И Галич порывисто и легко встал на одно колено, положив на другое гитару, и запел:
– Снова даль предо мной неоглядная…
Мотя несколько минут внимательно молча слушал, потом сказал:
– Дидя Адя тоже хорошо поет.
Это было признание Галича (после этого Мотя сунул свою руку в его и готов был идти куда угодно) и одновременно – высочайший комплимент для меня. А через несколько недель Галич погиб. Та версия, которую приняла на основе следствия парижская полиция и с которой поэтому мы должны считаться, сводится к следующему:
Галич купил (в Италии, где они дешевле) телевизор-комбайн и, привезя в Париж, торопился его опробовать. Случилось так, что они с женой вместе вышли на улицу, она пошла по каким-то своим делам, а он вернулся без нее в пустую якобы квартиру и, еще не раздевшись, вставил почему-то антенну не в антенное гнездо, а в отверстие в задней стенке, коснувшись ею цепей высокого напряжения. Он тут же упал, упершись ногами в батарею, замкнув таким образом цепь. Когда пришла Ангелина Николаевна, он был уже мертв. Несчастный случай по неосторожности потерпевшего… И все же у меня нет стопроцентной уверенности, что это несчастный случай, а не убийство. За одиннадцать с половиной месяцев до его смерти мать Саши получила по почте на Новый год странное письмо. Взволновавшись, она пришла к нам. В конверт был вложен листок из календаря, на котором было на машинке напечатано (с маленькой буквы в одну строчку): “принято решение убить вашего сына Александра”. Мы, как сумели, успокоили мать, сказав, в частности, что когда действительно убивают, то не делают таких предупреждений. Но на самом деле в хитроумной практике КГБ бывает и такое (я вспомнил тут анекдот о еврее, едущем в Житомир, который рассказывал Хрущев). Так что вполне возможно, что телевизор был использован для маскировки – “по вдохновению”, или это был один из тех вариантных планов, которые всегда готовит про запас КГБ.

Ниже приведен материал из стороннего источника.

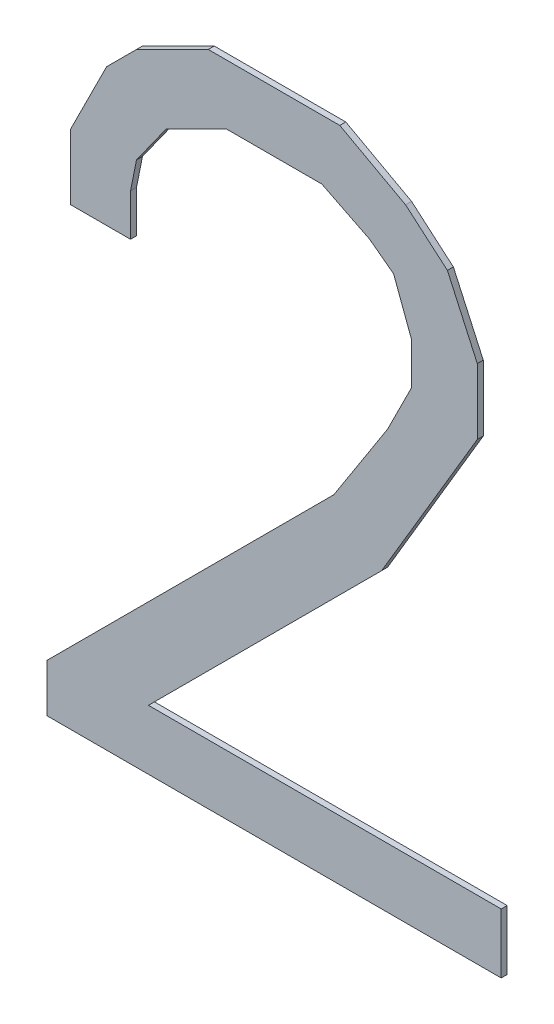
ISO-10303-21;
HEADER;
FILE_DESCRIPTION(('STEP AP214'),'2;1');
FILE_NAME('part.step','',(''),(''),'','','');
FILE_SCHEMA(('AUTOMOTIVE_DESIGN { 1 0 10303 214 1 1 1 1 }'));
ENDSEC;
DATA;
#1=APPLICATION_CONTEXT('core data for automotive mechanical design processes');
#2=APPLICATION_PROTOCOL_DEFINITION('international standard','automotive_design',2000,#1);
#3=PRODUCT_CONTEXT('',#1,'mechanical');
#4=PRODUCT('Part','Part','',(#3));
#5=PRODUCT_RELATED_PRODUCT_CATEGORY('part','',(#4));
#6=PRODUCT_DEFINITION_FORMATION('','',#4);
#7=PRODUCT_DEFINITION_CONTEXT('part definition',#1,'design');
#8=PRODUCT_DEFINITION('design','',#6,#7);
#9=PRODUCT_DEFINITION_SHAPE('','',#8);
#10=(LENGTH_UNIT() NAMED_UNIT(*) SI_UNIT(.MILLI.,.METRE.));
#11=(NAMED_UNIT(*) PLANE_ANGLE_UNIT() SI_UNIT($,.RADIAN.));
#12=(NAMED_UNIT(*) SI_UNIT($,.STERADIAN.) SOLID_ANGLE_UNIT());
#13=UNCERTAINTY_MEASURE_WITH_UNIT(LENGTH_MEASURE(1.E-05),#10,'distance_accuracy_value','');
#14=(GEOMETRIC_REPRESENTATION_CONTEXT(3) GLOBAL_UNCERTAINTY_ASSIGNED_CONTEXT((#13)) GLOBAL_UNIT_ASSIGNED_CONTEXT((#10,
#11,#12)) REPRESENTATION_CONTEXT('',''));
#15=CARTESIAN_POINT('',(0.,0.,0.));
#16=DIRECTION('',(0.,0.,1.));
#17=DIRECTION('',(1.,0.,0.));
#18=AXIS2_PLACEMENT_3D('',#15,#16,#17);
#19=CARTESIAN_POINT('',(-0.33999932,0.21000212,0.01));
#20=DIRECTION('',(0.,0.,1.));
#21=DIRECTION('',(1.,0.,0.));
#22=AXIS2_PLACEMENT_3D('',#19,#20,#21);
#23=PLANE('',#22);
#24=DIRECTION('',(-0.447213595499958,-0.894427190999916,0.));
#25=VECTOR('',#24,1.);
#26=CARTESIAN_POINT('',(-0.33999932,0.3200019,0.01));
#27=LINE('',#26,#25);
#28=CARTESIAN_POINT('',(-0.33999932,0.3200019,0.01));
#29=VERTEX_POINT('',#28);
#30=CARTESIAN_POINT('',(-0.27999944,0.44000166,0.01));
#31=VERTEX_POINT('',#30);
#32=EDGE_CURVE('E317',#29,#31,#27,.F.);
#33=ORIENTED_EDGE('',*,*,#32,.F.);
#34=DIRECTION('',(0.,1.,0.));
#35=VECTOR('',#34,1.);
#36=CARTESIAN_POINT('',(-0.33999932,0.21000212,0.01));
#37=LINE('',#36,#35);
#38=CARTESIAN_POINT('',(-0.33999932,0.21000212,0.01));
#39=VERTEX_POINT('',#38);
#40=EDGE_CURVE('E214',#39,#29,#37,.T.);
#41=ORIENTED_EDGE('',*,*,#40,.F.);
#42=DIRECTION('',(1.,0.,0.));
#43=VECTOR('',#42,1.);
#44=CARTESIAN_POINT('',(-0.23999952,0.21000212,0.01));
#45=LINE('',#44,#43);
#46=CARTESIAN_POINT('',(-0.23999952,0.21000212,0.01));
#47=VERTEX_POINT('',#46);
#48=EDGE_CURVE('E20',#47,#39,#45,.F.);
#49=ORIENTED_EDGE('',*,*,#48,.F.);
#50=DIRECTION('',(0.,1.,0.));
#51=VECTOR('',#50,1.);
#52=CARTESIAN_POINT('',(-0.23999952,0.28000198,0.01));
#53=LINE('',#52,#51);
#54=CARTESIAN_POINT('',(-0.239999519999998,0.280001979999999,0.01));
#55=VERTEX_POINT('',#54);
#56=EDGE_CURVE('E203',#55,#47,#53,.F.);
#57=ORIENTED_EDGE('',*,*,#56,.F.);
#58=DIRECTION('',(0.196116135137992,0.980580675690959,0.));
#59=VECTOR('',#58,1.);
#60=CARTESIAN_POINT('',(-0.22999954,0.33000188,0.01));
#61=LINE('',#60,#59);
#62=CARTESIAN_POINT('',(-0.229999539999996,0.330001879999997,0.01));
#63=VERTEX_POINT('',#62);
#64=EDGE_CURVE('E198',#63,#55,#61,.F.);
#65=ORIENTED_EDGE('',*,*,#64,.F.);
#66=DIRECTION('',(0.581238193718907,0.81373347120687,0.));
#67=VECTOR('',#66,1.);
#68=CARTESIAN_POINT('',(-0.17999964,0.40000174,0.01));
#69=LINE('',#68,#67);
#70=CARTESIAN_POINT('',(-0.17999964,0.40000174,0.01));
#71=VERTEX_POINT('',#70);
#72=EDGE_CURVE('E225',#71,#63,#69,.F.);
#73=ORIENTED_EDGE('',*,*,#72,.F.);
#74=DIRECTION('',(0.894427190999916,0.447213595499958,0.));
#75=VECTOR('',#74,1.);
#76=CARTESIAN_POINT('',(-0.07999984,0.45000164,0.01));
#77=LINE('',#76,#75);
#78=CARTESIAN_POINT('',(-0.07999984,0.45000164,0.01));
#79=VERTEX_POINT('',#78);
#80=EDGE_CURVE('E229',#79,#71,#77,.F.);
#81=ORIENTED_EDGE('',*,*,#80,.F.);
#82=DIRECTION('',(1.,0.,0.));
#83=VECTOR('',#82,1.);
#84=CARTESIAN_POINT('',(0.07999984,0.45000164,0.01));
#85=LINE('',#84,#83);
#86=CARTESIAN_POINT('',(0.0799998400000003,0.45000164,0.01));
#87=VERTEX_POINT('',#86);
#88=EDGE_CURVE('E233',#87,#79,#85,.F.);
#89=ORIENTED_EDGE('',*,*,#88,.F.);
#90=DIRECTION('',(0.894427190999916,-0.447213595499958,0.));
#91=VECTOR('',#90,1.);
#92=CARTESIAN_POINT('',(0.15999968,0.41000172,0.01));
#93=LINE('',#92,#91);
#94=CARTESIAN_POINT('',(0.15999968,0.41000172,0.01));
#95=VERTEX_POINT('',#94);
#96=EDGE_CURVE('E237',#95,#87,#93,.F.);
#97=ORIENTED_EDGE('',*,*,#96,.F.);
#98=DIRECTION('',(0.8,-0.6,0.));
#99=VECTOR('',#98,1.);
#100=CARTESIAN_POINT('',(0.1999996,0.38000178,0.01));
#101=LINE('',#100,#99);
#102=CARTESIAN_POINT('',(0.199999599999988,0.380001779999996,0.01));
#103=VERTEX_POINT('',#102);
#104=EDGE_CURVE('E241',#103,#95,#101,.F.);
#105=ORIENTED_EDGE('',*,*,#104,.F.);
#106=DIRECTION('',(0.35112344158894,-0.936329177568839,0.));
#107=VECTOR('',#106,1.);
#108=CARTESIAN_POINT('',(0.22999954,0.30000194,0.01));
#109=LINE('',#108,#107);
#110=CARTESIAN_POINT('',(0.22999954,0.30000194,0.01));
#111=VERTEX_POINT('',#110);
#112=EDGE_CURVE('E245',#111,#103,#109,.F.);
#113=ORIENTED_EDGE('',*,*,#112,.F.);
#114=DIRECTION('',(0.,1.,0.));
#115=VECTOR('',#114,1.);
#116=CARTESIAN_POINT('',(0.22999954,0.23000208,0.01));
#117=LINE('',#116,#115);
#118=CARTESIAN_POINT('',(0.229999539999989,0.230002080000005,0.01));
#119=VERTEX_POINT('',#118);
#120=EDGE_CURVE('E249',#119,#111,#117,.T.);
#121=ORIENTED_EDGE('',*,*,#120,.F.);
#122=DIRECTION('',(-0.447202236503894,-0.894432870407788,0.));
#123=VECTOR('',#122,1.);
#124=CARTESIAN_POINT('',(0.18999962,0.1499997,0.01));
#125=LINE('',#124,#123);
#126=CARTESIAN_POINT('',(0.189999620000021,0.149999699999986,0.01));
#127=VERTEX_POINT('',#126);
#128=EDGE_CURVE('E253',#127,#119,#125,.F.);
#129=ORIENTED_EDGE('',*,*,#128,.F.);
#130=DIRECTION('',(-0.540757591314105,-0.841178475376164,0.));
#131=VECTOR('',#130,1.);
#132=CARTESIAN_POINT('',(0.09999979999998,0.009999980000003,0.01));
#133=LINE('',#132,#131);
#134=CARTESIAN_POINT('',(0.0999997999999832,0.00999998000000061,0.01));
#135=VERTEX_POINT('',#134);
#136=EDGE_CURVE('E257',#135,#127,#133,.F.);
#137=ORIENTED_EDGE('',*,*,#136,.F.);
#138=DIRECTION('',(-0.707106781186548,-0.707106781186548,0.));
#139=VECTOR('',#138,1.);
#140=CARTESIAN_POINT('',(-0.37999924,-0.46999906,0.01));
#141=LINE('',#140,#139);
#142=CARTESIAN_POINT('',(-0.37999924,-0.46999906,0.01));
#143=VERTEX_POINT('',#142);
#144=EDGE_CURVE('E261',#143,#135,#141,.F.);
#145=ORIENTED_EDGE('',*,*,#144,.F.);
#146=DIRECTION('',(0.,1.,0.));
#147=VECTOR('',#146,1.);
#148=CARTESIAN_POINT('',(-0.37999924,-0.5499989,0.01));
#149=LINE('',#148,#147);
#150=CARTESIAN_POINT('',(-0.37999924,-0.5499989,0.01));
#151=VERTEX_POINT('',#150);
#152=EDGE_CURVE('E265',#151,#143,#149,.T.);
#153=ORIENTED_EDGE('',*,*,#152,.F.);
#154=DIRECTION('',(1.,0.,0.));
#155=VECTOR('',#154,1.);
#156=CARTESIAN_POINT('',(0.37999924,-0.5499989,0.01));
#157=LINE('',#156,#155);
#158=CARTESIAN_POINT('',(0.37999924,-0.5499989,0.01));
#159=VERTEX_POINT('',#158);
#160=EDGE_CURVE('E269',#159,#151,#157,.F.);
#161=ORIENTED_EDGE('',*,*,#160,.F.);
#162=DIRECTION('',(0.,1.,0.));
#163=VECTOR('',#162,1.);
#164=CARTESIAN_POINT('',(0.37999924,-0.4499991,0.01));
#165=LINE('',#164,#163);
#166=CARTESIAN_POINT('',(0.37999924,-0.4499991,0.01));
#167=VERTEX_POINT('',#166);
#168=EDGE_CURVE('E273',#167,#159,#165,.F.);
#169=ORIENTED_EDGE('',*,*,#168,.F.);
#170=DIRECTION('',(1.,0.,0.));
#171=VECTOR('',#170,1.);
#172=CARTESIAN_POINT('',(-0.20999958,-0.4499991,0.01));
#173=LINE('',#172,#171);
#174=CARTESIAN_POINT('',(-0.209999580000001,-0.449999099999999,0.01));
#175=VERTEX_POINT('',#174);
#176=EDGE_CURVE('E277',#175,#167,#173,.T.);
#177=ORIENTED_EDGE('',*,*,#176,.F.);
#178=DIRECTION('',(0.707106781186548,0.707106781186548,0.));
#179=VECTOR('',#178,1.);
#180=CARTESIAN_POINT('',(0.17999964,-0.05999987999999,0.01));
#181=LINE('',#180,#179);
#182=CARTESIAN_POINT('',(0.179999640000009,-0.0599998799999939,0.01));
#183=VERTEX_POINT('',#182);
#184=EDGE_CURVE('E281',#183,#175,#181,.F.);
#185=ORIENTED_EDGE('',*,*,#184,.F.);
#186=DIRECTION('',(0.509798840848119,0.8602936370042,0.));
#187=VECTOR('',#186,1.);
#188=CARTESIAN_POINT('',(0.33999932,0.21000212,0.01));
#189=LINE('',#188,#187);
#190=CARTESIAN_POINT('',(0.33999932,0.21000212,0.01));
#191=VERTEX_POINT('',#190);
#192=EDGE_CURVE('E285',#191,#183,#189,.F.);
#193=ORIENTED_EDGE('',*,*,#192,.F.);
#194=DIRECTION('',(0.,1.,0.));
#195=VECTOR('',#194,1.);
#196=CARTESIAN_POINT('',(0.33999932,0.3200019,0.01));
#197=LINE('',#196,#195);
#198=CARTESIAN_POINT('',(0.339999319999991,0.320001899999996,0.01));
#199=VERTEX_POINT('',#198);
#200=EDGE_CURVE('E289',#199,#191,#197,.F.);
#201=ORIENTED_EDGE('',*,*,#200,.F.);
#202=DIRECTION('',(-0.413802944300883,0.910366477462742,0.));
#203=VECTOR('',#202,1.);
#204=CARTESIAN_POINT('',(0.28999942,0.43000168,0.01));
#205=LINE('',#204,#203);
#206=CARTESIAN_POINT('',(0.289999419999997,0.430001679999996,0.01));
#207=VERTEX_POINT('',#206);
#208=EDGE_CURVE('E293',#207,#199,#205,.F.);
#209=ORIENTED_EDGE('',*,*,#208,.F.);
#210=DIRECTION('',(-0.759256602365155,0.650791373456133,0.));
#211=VECTOR('',#210,1.);
#212=CARTESIAN_POINT('',(0.21999956,0.49000156,0.01));
#213=LINE('',#212,#211);
#214=CARTESIAN_POINT('',(0.219999559999992,0.490001559999985,0.01));
#215=VERTEX_POINT('',#214);
#216=EDGE_CURVE('E297',#215,#207,#213,.F.);
#217=ORIENTED_EDGE('',*,*,#216,.F.);
#218=DIRECTION('',(-0.877895572914117,0.478852130681064,0.));
#219=VECTOR('',#218,1.);
#220=CARTESIAN_POINT('',(0.10999978,0.55000144,0.01));
#221=LINE('',#220,#219);
#222=CARTESIAN_POINT('',(0.10999978,0.55000144,0.01));
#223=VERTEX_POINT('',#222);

Вернусь к событиям 1971 года. Приближался суд над Буковским. (Власти не решились – или не захотели – пустить его по психиатрическому пути, как мы опасались.) Я решил обратиться к знаменитому авиаконструктору академику Андрею Николаевичу Туполеву с предложением вместе со мной поехать на суд. Я считал, что если два известных академика встанут на путь открытого сопротивления беззаконным репрессиям против честных людей, защитников прав человека, других людей – то это может иметь решающее значение не только в конкретном деле Буковского (которое меня волновало), но и для всей обстановки в стране. Если два, а не один, то почему не большинство? Я и сейчас думаю, что согласие Туполева на мое предложение было бы огромным событием.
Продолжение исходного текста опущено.